What to produce » The records sit below. Return every line in them that holds the word "Last".
[[ Data section open ]]
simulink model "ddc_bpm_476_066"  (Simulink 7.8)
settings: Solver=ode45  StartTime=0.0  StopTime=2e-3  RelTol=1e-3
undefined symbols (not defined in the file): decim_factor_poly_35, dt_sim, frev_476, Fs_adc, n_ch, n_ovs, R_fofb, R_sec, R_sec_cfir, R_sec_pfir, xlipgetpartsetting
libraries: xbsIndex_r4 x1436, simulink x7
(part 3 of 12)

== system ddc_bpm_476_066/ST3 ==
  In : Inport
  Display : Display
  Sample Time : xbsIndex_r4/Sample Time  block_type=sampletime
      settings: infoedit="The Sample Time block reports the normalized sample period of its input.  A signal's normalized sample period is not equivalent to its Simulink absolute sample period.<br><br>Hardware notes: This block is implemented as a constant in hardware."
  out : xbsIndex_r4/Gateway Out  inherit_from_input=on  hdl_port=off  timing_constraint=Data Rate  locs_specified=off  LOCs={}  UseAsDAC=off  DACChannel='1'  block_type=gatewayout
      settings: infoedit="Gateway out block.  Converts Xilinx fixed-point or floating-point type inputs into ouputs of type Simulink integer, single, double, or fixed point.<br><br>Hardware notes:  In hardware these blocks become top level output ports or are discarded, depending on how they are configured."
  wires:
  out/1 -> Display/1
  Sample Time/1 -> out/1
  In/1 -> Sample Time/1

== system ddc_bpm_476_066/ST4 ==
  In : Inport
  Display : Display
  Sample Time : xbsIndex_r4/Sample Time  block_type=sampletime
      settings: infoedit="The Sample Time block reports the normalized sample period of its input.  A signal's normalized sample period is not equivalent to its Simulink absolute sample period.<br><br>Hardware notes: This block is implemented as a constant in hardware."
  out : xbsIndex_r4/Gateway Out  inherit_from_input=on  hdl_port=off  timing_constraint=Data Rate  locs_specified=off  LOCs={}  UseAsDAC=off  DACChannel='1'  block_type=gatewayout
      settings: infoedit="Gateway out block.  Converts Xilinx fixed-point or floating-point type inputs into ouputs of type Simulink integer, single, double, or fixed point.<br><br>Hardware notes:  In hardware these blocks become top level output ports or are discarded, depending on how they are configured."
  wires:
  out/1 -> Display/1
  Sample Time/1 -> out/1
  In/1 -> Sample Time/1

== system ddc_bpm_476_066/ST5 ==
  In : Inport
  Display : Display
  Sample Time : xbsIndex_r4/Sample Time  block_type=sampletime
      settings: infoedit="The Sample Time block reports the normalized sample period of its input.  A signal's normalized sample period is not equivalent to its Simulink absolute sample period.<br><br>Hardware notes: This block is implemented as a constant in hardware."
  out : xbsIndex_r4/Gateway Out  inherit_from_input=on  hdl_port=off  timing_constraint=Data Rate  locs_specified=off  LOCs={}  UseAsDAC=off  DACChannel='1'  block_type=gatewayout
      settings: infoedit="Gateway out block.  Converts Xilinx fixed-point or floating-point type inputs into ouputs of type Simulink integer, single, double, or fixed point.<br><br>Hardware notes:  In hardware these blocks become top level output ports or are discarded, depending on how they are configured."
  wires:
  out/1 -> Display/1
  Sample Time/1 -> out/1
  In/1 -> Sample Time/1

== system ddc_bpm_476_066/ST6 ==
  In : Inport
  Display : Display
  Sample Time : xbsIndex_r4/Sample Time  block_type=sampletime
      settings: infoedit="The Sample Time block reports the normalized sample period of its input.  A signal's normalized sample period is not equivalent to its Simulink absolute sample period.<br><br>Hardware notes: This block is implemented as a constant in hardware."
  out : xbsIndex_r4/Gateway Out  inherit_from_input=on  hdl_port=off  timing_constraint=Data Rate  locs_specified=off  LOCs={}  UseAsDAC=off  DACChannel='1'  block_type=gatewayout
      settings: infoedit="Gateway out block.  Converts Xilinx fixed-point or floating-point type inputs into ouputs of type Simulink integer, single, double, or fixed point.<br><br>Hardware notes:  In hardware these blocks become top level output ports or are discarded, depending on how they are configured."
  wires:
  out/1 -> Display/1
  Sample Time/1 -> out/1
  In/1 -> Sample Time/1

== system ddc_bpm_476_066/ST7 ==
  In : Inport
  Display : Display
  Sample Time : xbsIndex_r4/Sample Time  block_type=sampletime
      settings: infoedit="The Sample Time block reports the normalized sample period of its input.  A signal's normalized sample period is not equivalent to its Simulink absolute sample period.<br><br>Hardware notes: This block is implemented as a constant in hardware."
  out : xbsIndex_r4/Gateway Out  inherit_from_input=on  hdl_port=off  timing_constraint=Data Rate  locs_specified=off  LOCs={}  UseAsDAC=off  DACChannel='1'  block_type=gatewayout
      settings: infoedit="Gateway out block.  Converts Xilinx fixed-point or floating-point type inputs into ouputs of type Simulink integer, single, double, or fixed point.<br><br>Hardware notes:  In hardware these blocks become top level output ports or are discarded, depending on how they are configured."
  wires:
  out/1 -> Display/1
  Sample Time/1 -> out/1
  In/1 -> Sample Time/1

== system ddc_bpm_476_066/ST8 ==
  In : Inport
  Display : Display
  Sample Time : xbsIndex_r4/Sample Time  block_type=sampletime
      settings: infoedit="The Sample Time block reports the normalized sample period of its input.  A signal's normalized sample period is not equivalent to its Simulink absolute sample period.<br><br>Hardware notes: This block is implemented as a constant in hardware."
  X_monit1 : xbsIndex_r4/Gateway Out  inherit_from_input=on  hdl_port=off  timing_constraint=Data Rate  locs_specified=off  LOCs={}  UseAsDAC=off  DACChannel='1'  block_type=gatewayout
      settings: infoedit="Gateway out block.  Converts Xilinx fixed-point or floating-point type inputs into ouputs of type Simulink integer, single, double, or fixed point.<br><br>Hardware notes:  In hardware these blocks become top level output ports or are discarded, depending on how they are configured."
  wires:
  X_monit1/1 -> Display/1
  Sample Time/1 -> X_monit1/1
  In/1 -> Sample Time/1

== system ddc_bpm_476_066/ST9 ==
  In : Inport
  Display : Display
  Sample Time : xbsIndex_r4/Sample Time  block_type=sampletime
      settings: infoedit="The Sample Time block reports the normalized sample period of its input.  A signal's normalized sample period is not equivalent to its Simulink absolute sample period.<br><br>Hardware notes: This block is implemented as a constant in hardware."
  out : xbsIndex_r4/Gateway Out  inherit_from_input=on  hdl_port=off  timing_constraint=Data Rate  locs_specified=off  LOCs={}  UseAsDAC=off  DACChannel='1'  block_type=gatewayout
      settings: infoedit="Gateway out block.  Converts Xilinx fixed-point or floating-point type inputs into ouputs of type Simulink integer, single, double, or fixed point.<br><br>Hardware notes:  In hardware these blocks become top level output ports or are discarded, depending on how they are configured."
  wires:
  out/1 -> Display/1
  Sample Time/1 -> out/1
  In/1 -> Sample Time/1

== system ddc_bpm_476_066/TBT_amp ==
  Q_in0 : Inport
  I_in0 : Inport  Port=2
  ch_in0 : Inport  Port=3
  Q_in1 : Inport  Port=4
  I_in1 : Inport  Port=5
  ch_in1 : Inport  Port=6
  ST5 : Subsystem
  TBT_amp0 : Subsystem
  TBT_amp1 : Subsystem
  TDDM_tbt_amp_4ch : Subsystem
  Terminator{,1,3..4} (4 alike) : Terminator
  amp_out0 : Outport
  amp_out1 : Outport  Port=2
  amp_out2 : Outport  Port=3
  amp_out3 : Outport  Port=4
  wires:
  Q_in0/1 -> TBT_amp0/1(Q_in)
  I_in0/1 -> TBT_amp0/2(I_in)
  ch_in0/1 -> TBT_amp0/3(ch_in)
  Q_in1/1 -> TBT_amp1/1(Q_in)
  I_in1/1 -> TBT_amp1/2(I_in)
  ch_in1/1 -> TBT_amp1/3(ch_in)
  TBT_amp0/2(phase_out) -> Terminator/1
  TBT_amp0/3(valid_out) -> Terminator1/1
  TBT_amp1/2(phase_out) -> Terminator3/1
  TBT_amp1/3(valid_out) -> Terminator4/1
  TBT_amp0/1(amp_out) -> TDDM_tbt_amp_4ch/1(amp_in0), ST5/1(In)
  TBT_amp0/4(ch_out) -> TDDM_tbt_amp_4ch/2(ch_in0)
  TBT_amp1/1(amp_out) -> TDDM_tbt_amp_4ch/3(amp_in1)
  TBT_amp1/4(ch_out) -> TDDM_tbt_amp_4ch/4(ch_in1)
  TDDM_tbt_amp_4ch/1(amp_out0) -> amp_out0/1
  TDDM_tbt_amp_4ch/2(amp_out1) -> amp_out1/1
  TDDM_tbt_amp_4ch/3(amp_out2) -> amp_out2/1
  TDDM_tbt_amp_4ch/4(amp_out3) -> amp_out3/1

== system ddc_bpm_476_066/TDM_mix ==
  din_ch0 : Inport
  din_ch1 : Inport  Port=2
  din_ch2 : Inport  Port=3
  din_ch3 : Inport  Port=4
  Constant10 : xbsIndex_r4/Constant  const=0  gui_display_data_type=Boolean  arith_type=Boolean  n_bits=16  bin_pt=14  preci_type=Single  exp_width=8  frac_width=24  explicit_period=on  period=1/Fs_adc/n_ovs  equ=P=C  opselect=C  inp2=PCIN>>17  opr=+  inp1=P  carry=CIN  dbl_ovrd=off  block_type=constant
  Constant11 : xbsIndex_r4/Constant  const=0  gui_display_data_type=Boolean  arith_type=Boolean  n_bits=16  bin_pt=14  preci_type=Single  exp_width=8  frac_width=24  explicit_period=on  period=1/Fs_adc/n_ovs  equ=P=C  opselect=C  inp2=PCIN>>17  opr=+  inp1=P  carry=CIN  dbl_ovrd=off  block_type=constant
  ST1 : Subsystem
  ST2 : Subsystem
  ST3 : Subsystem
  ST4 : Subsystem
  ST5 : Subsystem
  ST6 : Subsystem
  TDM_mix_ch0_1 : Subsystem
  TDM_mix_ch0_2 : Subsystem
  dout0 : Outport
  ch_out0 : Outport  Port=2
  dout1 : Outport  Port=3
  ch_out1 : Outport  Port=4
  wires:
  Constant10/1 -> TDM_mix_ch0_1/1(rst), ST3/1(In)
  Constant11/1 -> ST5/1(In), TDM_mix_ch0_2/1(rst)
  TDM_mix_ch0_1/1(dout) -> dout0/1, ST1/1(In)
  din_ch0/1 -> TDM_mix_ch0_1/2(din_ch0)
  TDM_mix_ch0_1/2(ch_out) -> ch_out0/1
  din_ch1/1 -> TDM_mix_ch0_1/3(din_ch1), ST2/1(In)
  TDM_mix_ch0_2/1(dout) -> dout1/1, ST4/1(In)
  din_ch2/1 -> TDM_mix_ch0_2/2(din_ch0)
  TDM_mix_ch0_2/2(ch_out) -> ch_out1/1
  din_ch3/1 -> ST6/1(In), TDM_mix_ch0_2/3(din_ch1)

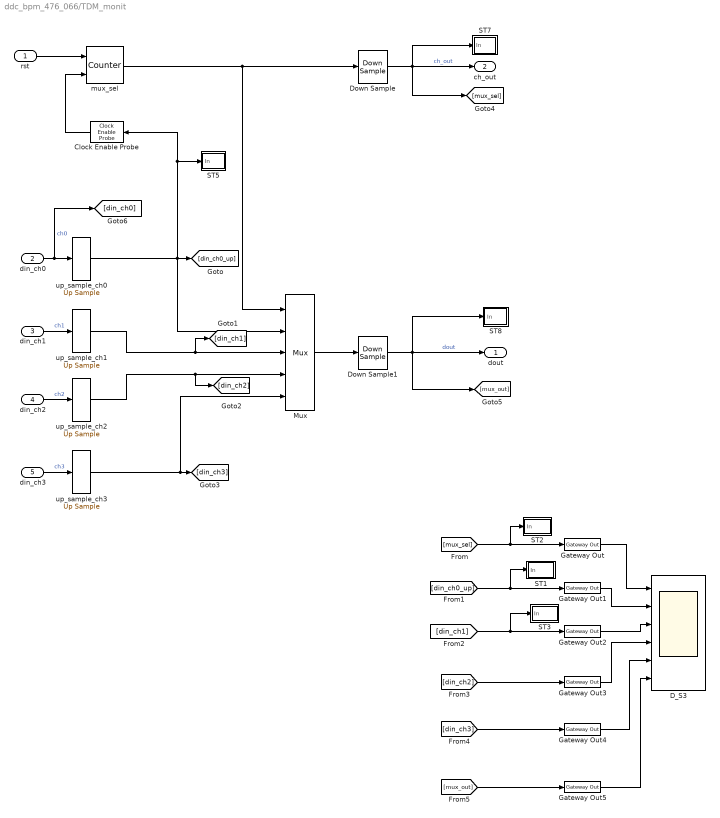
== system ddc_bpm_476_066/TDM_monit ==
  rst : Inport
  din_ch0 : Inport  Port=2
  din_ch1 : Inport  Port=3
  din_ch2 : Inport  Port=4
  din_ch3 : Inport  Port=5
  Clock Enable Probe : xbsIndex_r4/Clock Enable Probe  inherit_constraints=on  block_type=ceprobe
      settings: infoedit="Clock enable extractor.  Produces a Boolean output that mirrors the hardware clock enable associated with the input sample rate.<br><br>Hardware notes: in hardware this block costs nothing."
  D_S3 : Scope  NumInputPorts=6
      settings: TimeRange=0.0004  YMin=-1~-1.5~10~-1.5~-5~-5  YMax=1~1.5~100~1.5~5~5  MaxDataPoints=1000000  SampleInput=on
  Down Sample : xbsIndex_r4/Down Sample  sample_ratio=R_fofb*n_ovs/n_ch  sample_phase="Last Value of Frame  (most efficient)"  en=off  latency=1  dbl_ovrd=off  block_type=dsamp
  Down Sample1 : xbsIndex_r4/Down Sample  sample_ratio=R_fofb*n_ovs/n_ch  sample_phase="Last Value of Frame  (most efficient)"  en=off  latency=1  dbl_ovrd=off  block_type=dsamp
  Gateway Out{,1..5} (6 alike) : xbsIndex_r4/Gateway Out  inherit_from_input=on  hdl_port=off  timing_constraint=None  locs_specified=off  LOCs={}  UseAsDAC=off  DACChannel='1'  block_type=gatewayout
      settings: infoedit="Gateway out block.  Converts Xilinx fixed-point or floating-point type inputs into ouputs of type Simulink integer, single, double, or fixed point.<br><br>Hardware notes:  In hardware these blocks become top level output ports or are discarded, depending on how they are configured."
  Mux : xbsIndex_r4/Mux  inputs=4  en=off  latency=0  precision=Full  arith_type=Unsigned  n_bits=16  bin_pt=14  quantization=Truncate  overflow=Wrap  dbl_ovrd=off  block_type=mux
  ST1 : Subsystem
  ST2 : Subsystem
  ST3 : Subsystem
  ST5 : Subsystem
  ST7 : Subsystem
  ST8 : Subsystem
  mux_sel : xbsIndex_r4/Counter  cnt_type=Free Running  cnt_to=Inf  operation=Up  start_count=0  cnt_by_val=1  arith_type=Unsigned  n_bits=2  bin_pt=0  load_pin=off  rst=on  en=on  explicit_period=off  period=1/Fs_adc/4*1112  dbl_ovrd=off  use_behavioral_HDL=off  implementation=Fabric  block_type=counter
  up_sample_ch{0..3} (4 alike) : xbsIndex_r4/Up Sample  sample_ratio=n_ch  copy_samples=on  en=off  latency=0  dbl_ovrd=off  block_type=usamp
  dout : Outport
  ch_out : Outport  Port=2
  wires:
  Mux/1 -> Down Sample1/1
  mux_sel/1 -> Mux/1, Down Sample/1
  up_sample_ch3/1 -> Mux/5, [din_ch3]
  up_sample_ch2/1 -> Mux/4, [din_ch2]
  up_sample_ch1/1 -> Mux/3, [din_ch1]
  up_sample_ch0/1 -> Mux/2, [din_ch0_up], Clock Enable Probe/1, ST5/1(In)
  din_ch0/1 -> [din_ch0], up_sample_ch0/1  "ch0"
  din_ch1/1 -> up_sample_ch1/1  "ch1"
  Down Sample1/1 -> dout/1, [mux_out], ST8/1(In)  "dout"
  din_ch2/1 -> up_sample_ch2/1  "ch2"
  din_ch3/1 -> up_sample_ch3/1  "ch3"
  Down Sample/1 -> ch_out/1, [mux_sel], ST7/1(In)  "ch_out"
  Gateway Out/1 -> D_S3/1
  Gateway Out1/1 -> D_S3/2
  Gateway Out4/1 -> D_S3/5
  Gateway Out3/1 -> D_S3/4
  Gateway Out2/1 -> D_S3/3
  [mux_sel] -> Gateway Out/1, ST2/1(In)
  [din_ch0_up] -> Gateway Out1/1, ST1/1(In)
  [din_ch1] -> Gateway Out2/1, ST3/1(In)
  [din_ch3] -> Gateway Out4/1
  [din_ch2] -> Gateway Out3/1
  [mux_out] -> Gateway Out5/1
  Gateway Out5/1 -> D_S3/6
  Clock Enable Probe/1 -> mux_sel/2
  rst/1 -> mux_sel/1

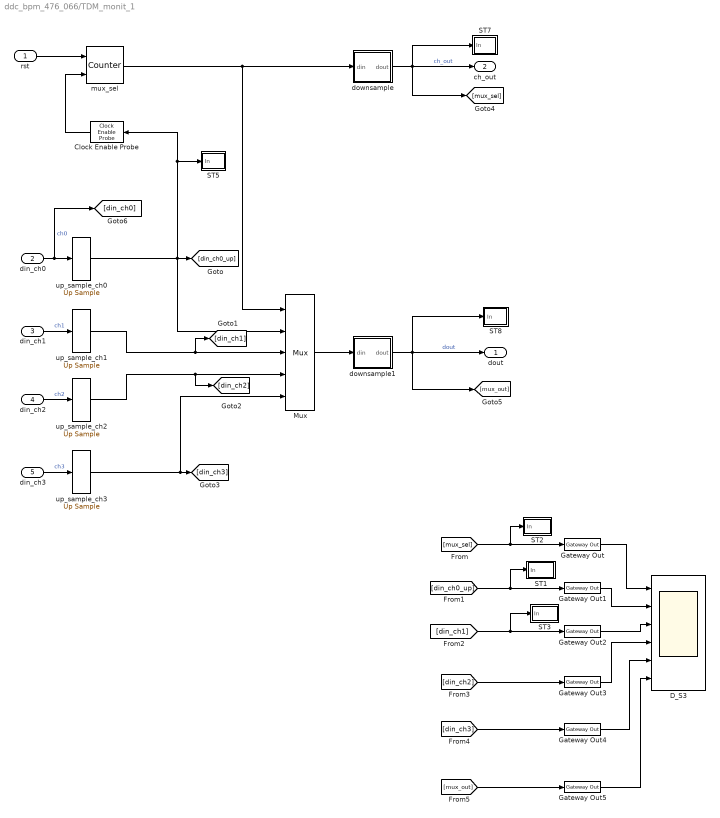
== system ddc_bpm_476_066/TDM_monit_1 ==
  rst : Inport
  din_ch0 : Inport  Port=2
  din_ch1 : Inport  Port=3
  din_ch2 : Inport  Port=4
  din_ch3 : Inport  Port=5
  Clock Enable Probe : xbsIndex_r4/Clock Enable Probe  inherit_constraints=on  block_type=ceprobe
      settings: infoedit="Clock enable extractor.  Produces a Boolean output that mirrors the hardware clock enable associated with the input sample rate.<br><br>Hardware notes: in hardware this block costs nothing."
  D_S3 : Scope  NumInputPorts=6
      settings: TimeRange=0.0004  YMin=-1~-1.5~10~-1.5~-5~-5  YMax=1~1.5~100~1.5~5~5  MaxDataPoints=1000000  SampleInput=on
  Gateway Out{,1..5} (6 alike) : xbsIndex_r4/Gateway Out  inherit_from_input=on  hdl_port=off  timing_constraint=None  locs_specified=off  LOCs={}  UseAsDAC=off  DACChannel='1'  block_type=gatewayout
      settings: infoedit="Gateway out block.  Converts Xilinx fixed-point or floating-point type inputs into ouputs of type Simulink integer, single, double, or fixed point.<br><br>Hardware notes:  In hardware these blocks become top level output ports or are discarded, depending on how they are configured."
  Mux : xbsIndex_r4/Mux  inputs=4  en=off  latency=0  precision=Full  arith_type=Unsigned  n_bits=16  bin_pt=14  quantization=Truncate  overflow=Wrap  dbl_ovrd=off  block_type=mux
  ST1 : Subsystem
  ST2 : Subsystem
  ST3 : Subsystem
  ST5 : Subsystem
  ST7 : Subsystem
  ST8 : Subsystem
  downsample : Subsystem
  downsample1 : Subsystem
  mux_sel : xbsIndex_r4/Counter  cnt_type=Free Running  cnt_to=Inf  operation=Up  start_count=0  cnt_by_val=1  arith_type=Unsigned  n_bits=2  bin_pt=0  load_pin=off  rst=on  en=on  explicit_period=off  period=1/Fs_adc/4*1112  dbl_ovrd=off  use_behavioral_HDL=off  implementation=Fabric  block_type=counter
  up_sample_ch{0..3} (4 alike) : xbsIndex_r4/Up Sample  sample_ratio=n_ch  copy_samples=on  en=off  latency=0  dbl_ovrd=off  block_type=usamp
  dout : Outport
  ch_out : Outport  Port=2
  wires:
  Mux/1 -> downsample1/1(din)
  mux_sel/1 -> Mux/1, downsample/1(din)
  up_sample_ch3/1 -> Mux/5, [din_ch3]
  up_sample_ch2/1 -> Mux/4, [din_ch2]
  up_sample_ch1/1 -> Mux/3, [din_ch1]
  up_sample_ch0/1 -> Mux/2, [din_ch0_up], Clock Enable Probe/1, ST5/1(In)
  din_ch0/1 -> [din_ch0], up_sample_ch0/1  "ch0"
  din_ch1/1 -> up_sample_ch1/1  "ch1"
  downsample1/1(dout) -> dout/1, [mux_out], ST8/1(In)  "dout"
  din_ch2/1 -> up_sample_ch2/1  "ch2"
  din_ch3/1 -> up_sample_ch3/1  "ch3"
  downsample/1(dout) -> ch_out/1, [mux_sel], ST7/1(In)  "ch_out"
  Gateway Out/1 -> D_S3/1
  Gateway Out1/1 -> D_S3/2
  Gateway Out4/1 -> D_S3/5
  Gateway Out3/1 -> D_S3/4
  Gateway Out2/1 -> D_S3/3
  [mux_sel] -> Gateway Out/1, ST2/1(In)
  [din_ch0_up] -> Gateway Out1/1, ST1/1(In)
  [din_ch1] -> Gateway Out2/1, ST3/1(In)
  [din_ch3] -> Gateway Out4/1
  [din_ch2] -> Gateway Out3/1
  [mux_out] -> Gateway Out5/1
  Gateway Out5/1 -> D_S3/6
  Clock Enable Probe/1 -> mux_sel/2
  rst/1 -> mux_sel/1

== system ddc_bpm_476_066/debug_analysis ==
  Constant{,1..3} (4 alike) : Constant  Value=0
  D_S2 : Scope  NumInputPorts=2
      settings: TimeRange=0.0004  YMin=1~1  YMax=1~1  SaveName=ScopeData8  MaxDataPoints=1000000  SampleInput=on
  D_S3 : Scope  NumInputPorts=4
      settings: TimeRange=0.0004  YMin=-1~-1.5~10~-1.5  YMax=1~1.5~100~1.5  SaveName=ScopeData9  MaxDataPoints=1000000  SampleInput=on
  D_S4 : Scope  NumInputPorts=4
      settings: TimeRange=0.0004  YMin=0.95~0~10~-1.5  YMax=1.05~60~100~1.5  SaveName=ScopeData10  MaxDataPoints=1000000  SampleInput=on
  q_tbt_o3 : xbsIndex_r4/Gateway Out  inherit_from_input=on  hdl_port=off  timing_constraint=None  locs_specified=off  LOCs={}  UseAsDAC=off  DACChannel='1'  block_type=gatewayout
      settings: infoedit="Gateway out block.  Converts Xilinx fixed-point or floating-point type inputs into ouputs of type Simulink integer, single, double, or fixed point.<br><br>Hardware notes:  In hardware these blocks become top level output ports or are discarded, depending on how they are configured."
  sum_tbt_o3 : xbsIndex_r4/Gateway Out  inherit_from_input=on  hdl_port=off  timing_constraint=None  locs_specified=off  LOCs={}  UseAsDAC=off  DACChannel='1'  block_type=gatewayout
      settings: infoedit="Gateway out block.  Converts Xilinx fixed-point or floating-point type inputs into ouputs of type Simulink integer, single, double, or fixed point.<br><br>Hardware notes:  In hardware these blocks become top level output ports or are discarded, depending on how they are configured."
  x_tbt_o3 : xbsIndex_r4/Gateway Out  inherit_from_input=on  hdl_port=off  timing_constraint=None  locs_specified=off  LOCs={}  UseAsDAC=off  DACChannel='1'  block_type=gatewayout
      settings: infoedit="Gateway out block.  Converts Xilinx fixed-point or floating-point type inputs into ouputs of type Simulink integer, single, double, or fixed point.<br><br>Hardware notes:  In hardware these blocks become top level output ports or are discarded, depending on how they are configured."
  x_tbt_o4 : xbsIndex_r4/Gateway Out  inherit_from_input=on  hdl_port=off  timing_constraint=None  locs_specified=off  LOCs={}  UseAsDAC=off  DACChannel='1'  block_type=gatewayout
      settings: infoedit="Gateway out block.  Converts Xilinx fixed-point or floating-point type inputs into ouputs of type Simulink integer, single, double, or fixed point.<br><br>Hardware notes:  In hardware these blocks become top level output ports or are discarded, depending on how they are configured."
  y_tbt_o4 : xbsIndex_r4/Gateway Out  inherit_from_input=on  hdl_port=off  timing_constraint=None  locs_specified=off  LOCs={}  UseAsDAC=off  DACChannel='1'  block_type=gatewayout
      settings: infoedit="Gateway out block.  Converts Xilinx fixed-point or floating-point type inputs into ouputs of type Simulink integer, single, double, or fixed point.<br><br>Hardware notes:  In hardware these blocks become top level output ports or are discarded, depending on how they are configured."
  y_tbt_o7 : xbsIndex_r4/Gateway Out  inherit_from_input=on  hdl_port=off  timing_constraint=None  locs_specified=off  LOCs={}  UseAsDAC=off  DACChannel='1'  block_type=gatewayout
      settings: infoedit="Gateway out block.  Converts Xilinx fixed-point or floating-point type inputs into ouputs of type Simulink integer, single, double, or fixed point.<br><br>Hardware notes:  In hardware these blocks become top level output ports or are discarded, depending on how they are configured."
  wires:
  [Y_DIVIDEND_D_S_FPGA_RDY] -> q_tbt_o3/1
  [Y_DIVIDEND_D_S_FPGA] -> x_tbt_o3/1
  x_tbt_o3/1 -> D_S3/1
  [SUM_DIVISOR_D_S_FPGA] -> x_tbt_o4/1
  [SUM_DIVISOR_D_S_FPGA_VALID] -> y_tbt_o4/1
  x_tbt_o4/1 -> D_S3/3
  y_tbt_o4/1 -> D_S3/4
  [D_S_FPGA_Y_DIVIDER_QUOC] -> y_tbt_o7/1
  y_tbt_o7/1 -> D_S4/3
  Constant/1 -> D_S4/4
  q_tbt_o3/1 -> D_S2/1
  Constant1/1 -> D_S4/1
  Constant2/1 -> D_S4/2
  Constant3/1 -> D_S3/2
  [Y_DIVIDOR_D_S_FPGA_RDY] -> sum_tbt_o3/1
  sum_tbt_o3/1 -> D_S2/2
[[ Data section closed ]]
Reply »
  Down Sample : xbsIndex_r4/Down Sample  sample_ratio=R_fofb*n_ovs/n_ch  sample_phase="Last Value of Frame  (most efficient)"  en=off  latency=1  dbl_ovrd=off  block_type=dsamp
  Down Sample1 : xbsIndex_r4/Down Sample  sample_ratio=R_fofb*n_ovs/n_ch  sample_phase="Last Value of Frame  (most efficient)"  en=off  latency=1  dbl_ovrd=off  block_type=dsamp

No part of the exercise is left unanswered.